▶ [Data for processing]
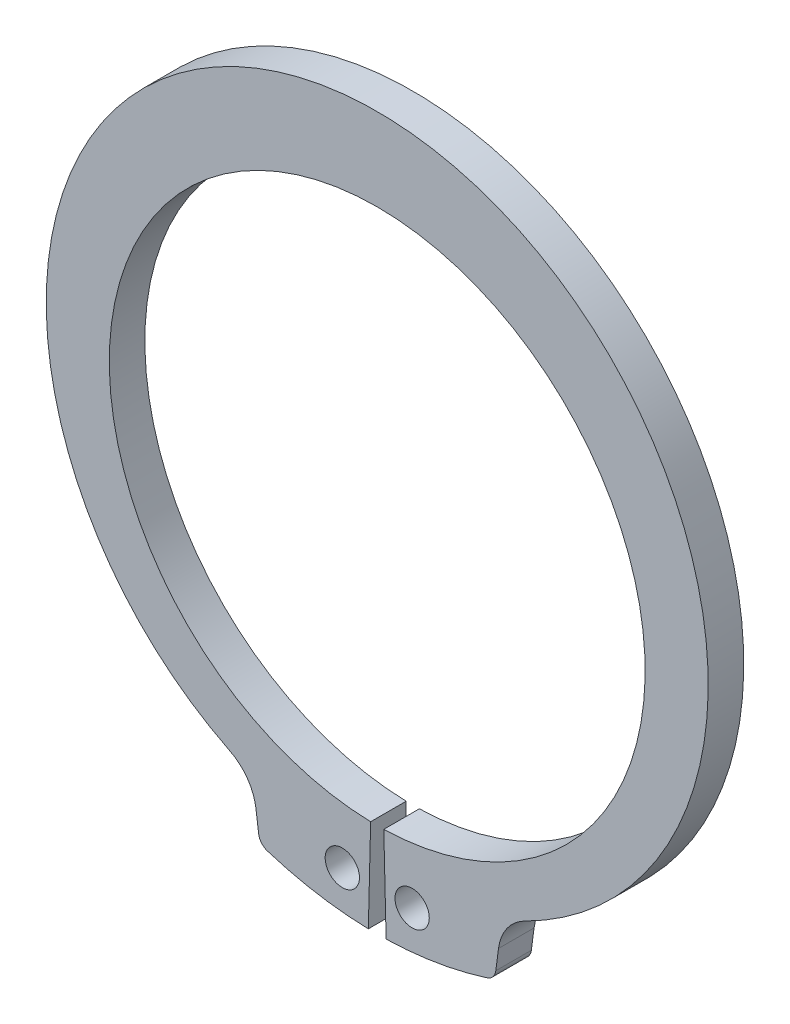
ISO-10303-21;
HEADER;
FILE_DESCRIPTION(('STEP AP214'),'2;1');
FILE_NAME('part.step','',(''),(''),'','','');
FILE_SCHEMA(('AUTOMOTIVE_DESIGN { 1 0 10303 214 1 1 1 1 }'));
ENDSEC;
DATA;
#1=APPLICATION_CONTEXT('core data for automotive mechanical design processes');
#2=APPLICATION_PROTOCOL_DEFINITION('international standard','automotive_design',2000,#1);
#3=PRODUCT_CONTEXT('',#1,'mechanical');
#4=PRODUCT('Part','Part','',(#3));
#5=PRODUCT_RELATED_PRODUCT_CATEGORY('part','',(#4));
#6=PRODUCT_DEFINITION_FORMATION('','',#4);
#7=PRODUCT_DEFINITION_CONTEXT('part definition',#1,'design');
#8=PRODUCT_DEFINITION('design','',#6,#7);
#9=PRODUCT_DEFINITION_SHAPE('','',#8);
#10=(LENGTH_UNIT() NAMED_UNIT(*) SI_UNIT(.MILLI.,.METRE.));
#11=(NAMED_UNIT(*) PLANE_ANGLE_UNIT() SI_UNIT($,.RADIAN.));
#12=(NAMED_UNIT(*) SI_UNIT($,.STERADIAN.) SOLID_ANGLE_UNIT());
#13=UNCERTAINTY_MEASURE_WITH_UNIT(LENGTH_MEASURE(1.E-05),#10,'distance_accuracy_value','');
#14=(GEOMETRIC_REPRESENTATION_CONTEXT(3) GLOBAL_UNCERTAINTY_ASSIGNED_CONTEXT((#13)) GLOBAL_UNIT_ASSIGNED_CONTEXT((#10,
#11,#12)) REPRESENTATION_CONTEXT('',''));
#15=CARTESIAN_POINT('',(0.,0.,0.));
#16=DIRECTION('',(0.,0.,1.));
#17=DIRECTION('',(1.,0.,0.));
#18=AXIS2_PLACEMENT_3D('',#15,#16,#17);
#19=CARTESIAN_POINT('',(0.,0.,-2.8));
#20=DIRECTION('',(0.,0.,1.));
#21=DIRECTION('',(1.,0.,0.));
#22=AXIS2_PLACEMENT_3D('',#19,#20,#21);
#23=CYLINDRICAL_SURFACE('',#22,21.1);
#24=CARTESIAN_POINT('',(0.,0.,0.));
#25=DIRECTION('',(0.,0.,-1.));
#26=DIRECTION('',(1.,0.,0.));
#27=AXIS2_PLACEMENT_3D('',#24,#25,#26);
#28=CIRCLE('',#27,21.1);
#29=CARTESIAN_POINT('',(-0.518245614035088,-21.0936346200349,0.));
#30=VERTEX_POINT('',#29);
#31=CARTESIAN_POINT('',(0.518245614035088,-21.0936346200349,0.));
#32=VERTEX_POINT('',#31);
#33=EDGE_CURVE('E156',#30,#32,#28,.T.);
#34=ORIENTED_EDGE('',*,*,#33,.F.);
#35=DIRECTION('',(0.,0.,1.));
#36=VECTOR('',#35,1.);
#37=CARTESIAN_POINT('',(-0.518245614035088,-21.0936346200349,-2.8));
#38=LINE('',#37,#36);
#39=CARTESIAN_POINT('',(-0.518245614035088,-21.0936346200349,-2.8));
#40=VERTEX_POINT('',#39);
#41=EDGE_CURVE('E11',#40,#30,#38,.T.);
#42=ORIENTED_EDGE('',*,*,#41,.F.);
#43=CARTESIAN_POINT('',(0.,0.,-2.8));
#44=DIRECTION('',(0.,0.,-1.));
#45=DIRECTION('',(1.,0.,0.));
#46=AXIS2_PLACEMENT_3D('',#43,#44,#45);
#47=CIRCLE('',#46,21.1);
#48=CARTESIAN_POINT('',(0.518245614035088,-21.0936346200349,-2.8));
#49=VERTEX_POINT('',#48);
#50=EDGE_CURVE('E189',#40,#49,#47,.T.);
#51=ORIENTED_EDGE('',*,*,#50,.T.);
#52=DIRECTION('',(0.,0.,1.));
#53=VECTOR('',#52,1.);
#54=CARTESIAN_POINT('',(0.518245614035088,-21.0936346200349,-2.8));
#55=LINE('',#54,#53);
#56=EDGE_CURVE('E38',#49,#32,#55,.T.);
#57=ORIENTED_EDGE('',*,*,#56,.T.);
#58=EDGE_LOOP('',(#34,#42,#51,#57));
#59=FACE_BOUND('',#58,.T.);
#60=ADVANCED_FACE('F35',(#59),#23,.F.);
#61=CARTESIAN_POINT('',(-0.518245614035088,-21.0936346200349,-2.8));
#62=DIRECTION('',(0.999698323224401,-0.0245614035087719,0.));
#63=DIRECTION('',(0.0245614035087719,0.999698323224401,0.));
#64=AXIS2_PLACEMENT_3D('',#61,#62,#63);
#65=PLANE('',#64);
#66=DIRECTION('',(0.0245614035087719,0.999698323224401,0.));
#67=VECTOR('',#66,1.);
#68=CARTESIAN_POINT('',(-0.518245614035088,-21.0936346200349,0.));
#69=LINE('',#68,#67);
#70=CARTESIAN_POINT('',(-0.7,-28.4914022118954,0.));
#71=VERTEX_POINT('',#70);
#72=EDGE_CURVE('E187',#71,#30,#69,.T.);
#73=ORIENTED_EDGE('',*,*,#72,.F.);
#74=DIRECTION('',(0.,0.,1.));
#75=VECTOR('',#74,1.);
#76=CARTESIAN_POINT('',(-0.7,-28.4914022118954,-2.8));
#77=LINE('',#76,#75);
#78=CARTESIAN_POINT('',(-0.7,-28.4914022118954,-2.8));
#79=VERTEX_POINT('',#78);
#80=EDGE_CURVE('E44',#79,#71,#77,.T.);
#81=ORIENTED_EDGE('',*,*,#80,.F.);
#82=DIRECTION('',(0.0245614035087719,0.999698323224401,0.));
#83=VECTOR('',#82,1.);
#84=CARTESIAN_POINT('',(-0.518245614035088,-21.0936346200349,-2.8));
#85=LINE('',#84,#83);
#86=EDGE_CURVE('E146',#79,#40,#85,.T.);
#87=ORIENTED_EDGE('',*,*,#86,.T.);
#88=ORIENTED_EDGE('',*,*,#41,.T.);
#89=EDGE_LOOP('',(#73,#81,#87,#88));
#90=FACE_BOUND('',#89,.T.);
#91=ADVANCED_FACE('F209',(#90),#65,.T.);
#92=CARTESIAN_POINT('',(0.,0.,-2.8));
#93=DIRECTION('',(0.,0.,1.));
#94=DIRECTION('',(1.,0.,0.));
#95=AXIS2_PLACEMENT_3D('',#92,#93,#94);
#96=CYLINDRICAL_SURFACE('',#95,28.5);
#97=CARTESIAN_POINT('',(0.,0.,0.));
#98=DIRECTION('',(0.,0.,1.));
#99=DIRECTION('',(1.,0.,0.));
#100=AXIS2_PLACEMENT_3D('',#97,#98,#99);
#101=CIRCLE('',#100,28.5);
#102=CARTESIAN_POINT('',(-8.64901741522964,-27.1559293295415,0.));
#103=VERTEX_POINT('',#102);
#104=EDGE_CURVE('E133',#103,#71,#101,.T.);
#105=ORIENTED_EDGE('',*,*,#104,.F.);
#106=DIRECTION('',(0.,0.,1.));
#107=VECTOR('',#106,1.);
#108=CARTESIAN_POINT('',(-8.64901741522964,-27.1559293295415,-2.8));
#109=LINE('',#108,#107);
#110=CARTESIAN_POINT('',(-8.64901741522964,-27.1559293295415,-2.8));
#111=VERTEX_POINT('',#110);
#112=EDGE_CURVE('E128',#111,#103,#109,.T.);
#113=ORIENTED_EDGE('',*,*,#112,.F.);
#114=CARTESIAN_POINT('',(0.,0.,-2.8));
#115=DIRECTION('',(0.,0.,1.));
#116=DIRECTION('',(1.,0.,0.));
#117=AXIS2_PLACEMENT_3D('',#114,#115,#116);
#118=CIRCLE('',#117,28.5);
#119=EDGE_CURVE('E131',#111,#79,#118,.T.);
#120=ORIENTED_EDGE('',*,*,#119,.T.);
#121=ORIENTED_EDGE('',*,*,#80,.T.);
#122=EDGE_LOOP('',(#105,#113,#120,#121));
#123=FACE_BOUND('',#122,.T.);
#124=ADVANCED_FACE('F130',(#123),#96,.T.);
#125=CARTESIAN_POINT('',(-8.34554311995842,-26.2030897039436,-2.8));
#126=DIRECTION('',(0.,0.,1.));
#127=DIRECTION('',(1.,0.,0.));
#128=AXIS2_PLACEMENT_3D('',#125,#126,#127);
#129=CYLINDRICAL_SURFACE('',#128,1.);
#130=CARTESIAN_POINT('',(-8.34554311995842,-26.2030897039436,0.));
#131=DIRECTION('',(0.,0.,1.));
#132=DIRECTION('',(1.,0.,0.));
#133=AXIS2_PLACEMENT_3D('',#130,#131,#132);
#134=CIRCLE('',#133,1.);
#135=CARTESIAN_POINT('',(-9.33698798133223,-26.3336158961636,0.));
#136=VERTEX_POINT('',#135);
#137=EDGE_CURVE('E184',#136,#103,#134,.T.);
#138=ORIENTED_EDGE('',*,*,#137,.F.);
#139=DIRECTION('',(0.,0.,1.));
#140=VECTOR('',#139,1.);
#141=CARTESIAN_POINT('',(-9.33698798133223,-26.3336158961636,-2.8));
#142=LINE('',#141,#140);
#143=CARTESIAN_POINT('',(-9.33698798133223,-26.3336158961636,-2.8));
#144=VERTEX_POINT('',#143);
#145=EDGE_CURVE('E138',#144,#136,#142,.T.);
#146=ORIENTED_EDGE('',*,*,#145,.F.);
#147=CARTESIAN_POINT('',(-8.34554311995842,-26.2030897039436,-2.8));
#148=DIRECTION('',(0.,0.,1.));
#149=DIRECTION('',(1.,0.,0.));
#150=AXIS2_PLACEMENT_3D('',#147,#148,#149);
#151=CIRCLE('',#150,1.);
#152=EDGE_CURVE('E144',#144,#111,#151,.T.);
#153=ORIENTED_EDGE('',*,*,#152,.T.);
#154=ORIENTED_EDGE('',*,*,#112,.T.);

▶ [What the exercise asks] Output the lines above between the one holding "FILE_NAME('part.step','',(''),(''),'','','');" and the one holding "#5=PRODUCT_RELATED_PRODUCT_CATEGORY('part','',(#4));", inclusive, with nothing before or after them.

▶ [Problem solution]
FILE_NAME('part.step','',(''),(''),'','','');
FILE_SCHEMA(('AUTOMOTIVE_DESIGN { 1 0 10303 214 1 1 1 1 }'));
ENDSEC;
DATA;
#1=APPLICATION_CONTEXT('core data for automotive mechanical design processes');
#2=APPLICATION_PROTOCOL_DEFINITION('international standard','automotive_design',2000,#1);
#3=PRODUCT_CONTEXT('',#1,'mechanical');
#4=PRODUCT('Part','Part','',(#3));
#5=PRODUCT_RELATED_PRODUCT_CATEGORY('part','',(#4));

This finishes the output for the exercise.